Calamity and Kabbage: Accountants riff on PPP madness

Experts shared their experiences with the Paycheck Protection Program

TRD NATIONAL /
Jul.July 31, 2020 08:00 AM


Wrapping their arms around the Paycheck Protection Program has been a mind-boggling experience for Mark Bosswick and Elliot Levine, two veterans of New York City’s accounting industry.

With hundreds of billions of dollars up for grabs from Congress, rapid-fire rule changes from Washington and bewildering responses from the banking system, the accountants and their colleagues have been trying to make sense of it all for clients.

Appearing Wednesday on The Real Deal’s webinar series TRD Talks Live, the number crunchers from Berdon LLP and Levine & Seltzer zeroed in on some key facts:

  • It’s not too late to get a forgivable PPP loan for businesses yet to receive one. The deadline to apply has been extended to Aug. 8.
  • Skip the big banks. Small, even obscure lenders are often nimbler. Ever heard of Kabbage.com? Neither had Levine — until it scored money for one of his clients in mere days.
  • Businesses that could not reopen before exhausting their PPP are SOL. For folks who have been living under a rock (quite a few of us, actually), that stands for Shit Outta Luck.
  • Gaming of the program looks inevitable, a fact Bosswick and Levine attributed to Congress’ failure to consult accountants when designing it.

Accountants tend to be exacting people, which may be why Bosswick and Levine — a managing partner and managing member at their respective firms — were flabbergasted at how the federal program was slapped together. Officials just seemed to make it up as they went along.

But one thing became clear to them: The program was not intended as a stimulus or economic development.

“Ultimately, PPP was a form of unemployment compensation that put the burden on the employer,” said Bosswick.

“It was a way to keep unemployment numbers low,” Levine added. “It didn’t help businesses.”

Rule changes flummoxed business owners, who were first asked to spend 10 weeks of payroll in eight weeks, then later given 24 weeks, the accountants said. Different rules were applied to applications filed on different dates. The initial money came from banks, but many only helped customers who had borrowed from them before.

That’s how Levine ended up at Kabbage.com, which he said had been “phenomenal” for his clients, unlike giant institutions such as Bank of America and JPMorgan Chase. Terms that make PPP loans friendly to businesses — notably an interest rate of 1 percent, payable over several years — make them less attractive to giant lenders. Many don’t want such piddling accounts lingering on their books. But other banks are drawn to the fee Congress provided.

“For small banks, a 5 percent fee for making the loan plus 1 percent interest isn’t bad,” Levine said. “And maybe they’ll get a client out of it.”

They noted that the program was hastily created, and probably necessarily so. But the money would have been more useful for scaling up after a prolonged closure, rather than as a passthrough to idle employees of shuttered shops.

“If there’s another round of PPP, give more capital to businesses, and let them spend the money once business has returned,” said Levine.

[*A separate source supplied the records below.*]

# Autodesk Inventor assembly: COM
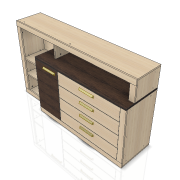
[picture p0: Inventor's stored thumbnail of the model, 180x180]
Saved by Autodesk Inventor 2024.3 (Build 283343000, 343)
## iProperties
Created: 2019-02-28
Document SubType Name: Assembly
Designer: SauliusD
Description: Commode
Part Number: COM
Author: SauliusD
## Documents named in this file (39)
- C:\W4INV 2024 Design\PROJECTS\Samples\Commode\COM.iam
- C:\W4INV 2024 Design\PROJECTS\Samples\Commode\COM_23.ipt
- C:\W4INV 2024 Design\PROJECTS\Samples\Commode\COM_10.ipt
- C:\W4INV 2024 Design\PROJECTS\Samples\Commode\COM_02.ipt
- C:\W4INV 2024 Design\PROJECTS\Samples\Commode\COM_16.ipt
- C:\W4INV 2024 Design\PROJECTS\Samples\Commode\COM_24.ipt
- C:\W4INV 2024 Design\PROJECTS\Samples\Commode\COM_11.ipt
- C:\W4INV 2024 Design\PROJECTS\Samples\Commode\COM_03.ipt
- C:\W4INV 2024 Design\PROJECTS\Samples\Commode\COM_17.ipt
- C:\W4INV 2024 Design\PROJECTS\Samples\Commode\COM_12.ipt
- C:\W4INV 2024 Design\PROJECTS\Samples\Commode\COM_25.ipt
- C:\W4INV 2024 Design\PROJECTS\Samples\Commode\COM_08.ipt
- C:\W4INV 2024 Design\PROJECTS\Samples\Commode\COM_04.ipt
- C:\W4INV 2024 Design\PROJECTS\Samples\Commode\COM_13.ipt
- C:\W4INV 2024 Design\PROJECTS\Samples\Commode\COM_05.ipt
- C:\W4INV 2024 Design\PROJECTS\Samples\Commode\COM_14.ipt
- C:\W4INV 2024 Design\PROJECTS\Samples\Commode\COM_18.ipt
- C:\W4INV 2024 Design\PROJECTS\Samples\Commode\COM_06.ipt
- C:\W4INV 2024 Design\PROJECTS\Samples\Commode\COM_07.ipt
- C:\W4INV 2024 Design\PROJECTS\Samples\Commode\COM_21.ipt
- C:\W4INV 2024 Design\PROJECTS\Samples\Commode\COM_20.ipt
- C:\W4INV 2024 Design\PROJECTS\Samples\Commode\COM_26.ipt
- C:\W4INV 2024 Design\PROJECTS\Samples\Commode\COM_19.ipt
- C:\W4INV 2024 Design\PROJECTS\Samples\Commode\COM_09.ipt
- C:\W4INV 2024 Design\PROJECTS\Samples\Commode\COM_15.ipt
- C:\W4INV 2024 Design\PROJECTS\Samples\Commode\SKL_COM_22.ipt
- C:\W4INV 2024 Design\PROJECTS\Samples\Commode\CommodePartial Pull Drawer 30 kg1\COM_01.iam
- C:\W4INV 2024 Design\_LIBRARY\Fixed joints\Minifix joint\MINIFIX D15 v2\Minifix D15 & Dowel L34 & Cap D15 PB T18 LH.ipt
- C:\W4INV 2024 Design\_LIBRARY\Holders\Shelf holder D5\Shelf support D5 L16 with hole covers.ipt
- C:\W4INV 2024 Design\_LIBRARY\Fixed joints\Dowel\DOWEL V2\Dowel 8x30 PB T=18.ipt
- C:\W4INV 2024 Design\_LIBRARY\Hinges\CONCEALED HINGE\Full Overlay Hinge Wood Screw Cup Wood Screw T18.iam
- C:\W4INV 2024 Design\_LIBRARY\Fixed joints\Minifix joint\MINIFIX D15 v2\Minifix D15 & Dowel L34 & Cap D15 PB T18 RH.ipt
- C:\W4INV 2024 Design\_LIBRARY\Fixed joints\Minifix joint\MINIFIX D15 v2\Minifix D15 & Dowel L34 & Cap D15 PB T18 BT.ipt
- C:\W4INV 2024 Design\PROJECTS\Samples\Commode\COM.iam Smart Hardware\ESTAMP Post 683110\ESTAMP Post 683110.iam
- C:\W4INV 2024 Design\PROJECTS\Samples\Commode\COM.iam Smart Hardware\ESTAMP Post 683111\ESTAMP Post 683111.iam
- C:\W4INV 2024 Design\LIBRARY\Fixed joints\Minifix joint\MINIFIX D15 v2.ipt
- C:\W4INV 2024 Design\LIBRARY\Holders\Shelf holder D5.ipt
- C:\W4INV 2024 Design\LIBRARY\Fixed joints\Dowel\DOWEL V2.ipt
- C:\W4INV 2024 Design\LIBRARY\Hinges\CONCEALED HINGE.iam
## Components (110 placed, 33 different names)
1. COM_23:1 — Axis Plane:1, Nestled Board Plane:1, Axis Plane:2, Nestled Board Plane:2, Axis Plane:3, Nestled Board Plane:3, Axis Plane:4, Nestled Board Plane:4, Axis Plane:5, Nestled Board Plane:5, Axis Plane:6, Nestled Board Plane:6, Axis Plane:7, Axis Plane:8, Axis Plane:9, Axis Plane:10, Axis Plane:11, Axis Plane:12, Axis Plane:29, Axis Plane:30, Axis Plane:31, Axis Plane:32, Axis Plane:33, Axis Plane:34, Axis Plane:35, Axis Plane:36, Pillar Board Side Plane :29, Pillar Board Side Plane :30, Pillar Board Side Plane :31, Axis Plane:69, Axis Plane:70
2. COM_10:1 — Pillar Board Side Plane :1, Pillar Board Side Plane :4, Pillar Board Side Plane :11, Pillar Board Side Plane :12, Side Board Plane:1, Side Board Plane:3, Side Board Plane:5, Side Board Plane:7, Pillar Board Side Plane :32, Pillar Board Side Plane :33, Pillar Board Side Plane :34
3. COM_02:1 — Nestled Board Plane:11, Nestled Board Plane:12, Pillar Board Side Plane :35, Pillar Board Side Plane :36, Pillar Board Side Plane :43, Pillar Board Side Plane :44
4. COM_16:1 — Pillar Board Side Plane :3, Pillar Board Side Plane :6, Pillar Board Side Plane :8, Pillar Board Side Plane :10
5. COM_24:1 — Nestled Board Plane:7, Nestled Board Plane:8, Nestled Board Plane:9, Nestled Board Plane:10, Axis Plane:13, Nestled Board Plane:13, Axis Plane:14, Axis Plane:15, Nestled Board Plane:15, Axis Plane:16, Axis Plane:17, Nestled Board Plane:17, Axis Plane:18, Axis Plane:19, Nestled Board Plane:19, Axis Plane:20, Axis Plane:21, Nestled Board Plane:21, Axis Plane:22, Axis Plane:23, Nestled Board Plane:23, Axis Plane:24, Axis Plane:25, Axis Plane:26, Axis Plane:27, Nestled Board Plane:27, Axis Plane:28, Nestled Board Plane:28, Axis Plane:37, Axis Plane:38, Axis Plane:39, Axis Plane:40, Axis Plane:41, Axis Plane:42, Axis Plane:43, Axis Plane:44, Nestled Board Plane:51, Nestled Board Plane:52
6. COM_11:1 — Pillar Board Side Plane :13, Pillar Board Side Plane :14, Pillar Board Side Plane :19, Pillar Board Side Plane :20, Side Board Plane:2, Side Board Plane:4, Side Board Plane:6, Side Board Plane:8, Side Board Plane:9, Side Board Plane:11, Side Board Plane:13, Side Board Plane:15, Cabinet Body Front  Edge Planar Face:1, Cabinet body Side Planar Face:1, Cabinet Body Front  Edge Planar Face:2, Cabinet body Side Planar Face:2, Nestled Board Plane:53, Nestled Board Plane:54
7. COM_03:1 — Nestled Board Plane:14, Nestled Board Plane:16, Nestled Board Plane:18, Nestled Board Plane:20, Nestled Board Plane:22, Nestled Board Plane:24, Nestled Board Plane:25, Nestled Board Plane:26, Pillar Board Side Plane :37, Pillar Board Side Plane :38, Pillar Board Side Plane :39
8. COM_17:1 — Pillar Board Side Plane :25, Pillar Board Side Plane :26, Pillar Board Side Plane :27, Pillar Board Side Plane :28, Pillar Board Side Plane :40, Pillar Board Side Plane :41, Pillar Board Side Plane :42
9. COM_12:1 — Pillar Board Side Plane :15, Pillar Board Side Plane :16, Pillar Board Side Plane :21, Pillar Board Side Plane :22, Side Board Plane:10, Side Board Plane:12, Side Board Plane:14, Side Board Plane:16
10. COM_25:1 — Axis Plane:45, Nestled Board Plane:29, Axis Plane:46, Nestled Board Plane:30, Axis Plane:47, Nestled Board Plane:31, Nestled Board Plane:43, Nestled Board Plane:44, Nestled Board Plane:45, Nestled Board Plane:46, Nestled Board Plane:49, Nestled Board Plane:50
11. COM_08:1 — Axis Plane:48, Nestled Board Plane:32, Axis Plane:49, Nestled Board Plane:33, Axis Plane:50, Nestled Board Plane:34, Axis Plane:59, Pillar Board Plane:1, Axis Plane:60, Pillar Board Plane:2, Pillar Board Plane:3, Pillar Board Plane:4, Axis Plane:63, Pillar Board Plane:5, Axis Plane:64, Pillar Board Plane:6
12. COM_04:1 — Axis Plane:51, Nestled Board Plane:35, Axis Plane:52, Nestled Board Plane:36, Nestled Board Plane:47, Nestled Board Plane:48
13. COM_13:1 — Axis Plane:61, Axis Plane:62, Axis Plane:65, Pillar Board Plane:7, Axis Plane:66, Pillar Board Plane:8, Axis Plane:67, Pillar Board Plane:9, Axis Plane:68, Pillar Board Plane:10
14. COM_05:1 — Axis Plane:53, Nestled Board Plane:37, Axis Plane:54, Nestled Board Plane:38, Axis Plane:55, Nestled Board Plane:39
15. COM_14:1 — Axis Plane:56, Nestled Board Plane:40, Axis Plane:57, Nestled Board Plane:41, Axis Plane:58, Nestled Board Plane:42
16. COM_18:1 — Pillar Board Side Plane :17, Pillar Board Side Plane :18, Pillar Board Side Plane :23, Pillar Board Side Plane :24
17. COM_06:1 — Flush:46, Flush:47
18. COM_21:1 — Top of drawer Box:1, Front of drawer Box:1, Right of drawer Box:1
19. COM_26:1 — Pillar Board Side Plane :2, Pillar Board Side Plane :5, Pillar Board Side Plane :7, Pillar Board Side Plane :9
20. COM_09:1
21. COM_15:1
22. Minifix D15 & Dowel L34 & Cap D15 PB T18 LH:2 — Axis Plane:1, Pillar Board Side Plane :1, Nestled Board Plane:1
23. Minifix D15 & Dowel L34 & Cap D15 PB T18 LH:3 — Axis Plane:2, Pillar Board Side Plane :2, Nestled Board Plane:2
24. Minifix D15 & Dowel L34 & Cap D15 PB T18 RH:4 — Axis Plane:3, Pillar Board Side Plane :3, Nestled Board Plane:3
25. Minifix D15 & Dowel L34 & Cap D15 PB T18 RH:5 — Axis Plane:4, Pillar Board Side Plane :4, Nestled Board Plane:4
26. Minifix D15 & Dowel L34 & Cap D15 PB T18 RH:6 — Axis Plane:5, Pillar Board Side Plane :5, Nestled Board Plane:5
27. Minifix D15 & Dowel L34 & Cap D15 PB T18 LH:7 — Axis Plane:6, Pillar Board Side Plane :6, Nestled Board Plane:6
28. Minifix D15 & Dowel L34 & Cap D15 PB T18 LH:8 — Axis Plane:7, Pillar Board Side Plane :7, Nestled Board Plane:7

“Employing people just to give them money doesn’t make sense for businesses,” Bosswick added.

Because the program made loan forgiveness conditional on spending no more than 25 percent of the funds on rent — an amount eventually increased to 40 percent — real estate owners saw little support despite losing substantial rental income, according to Bosswick.

For businesses that have taken loans unsure if they will be forgiven, Levine said it’s best to think of them “as 1 percent loans which you may have to pay a portion of back.”

“One thing not many people understand about PPP is that banks are lending their own money,” Levine said, noting that banks prefer the loans to be forgiven so they can book federally guaranteed revenue. For loans neither forgiven nor repaid, the federal government will make the lender whole.

Although banks must examine how businesses used loans before declaring them forgivable, questions about accountability naturally arise for such a novel and hasty solution.

“To me,” Levine said, “the government took away a moral compass” by announcing a 1 percent penalty for companies found to have broken rules.

“That’s a very weak penalty,” he said.

To stay on the fair side of regulators, Bosswick recommended putting PPP proceeds into a separate account and using it exclusively for payroll and rent.

For businesses that miss out on PPP, Levine noted that the government renewed its Main Street Lending Program, which he said could provide a loan of six times EBITDA at 3.7 percent interest payable over five years, and interest-only for the first two years.

“The whole thing is just a numbers game,” Levine said. “I wish they had gotten accountants involved in the PPP from the start.”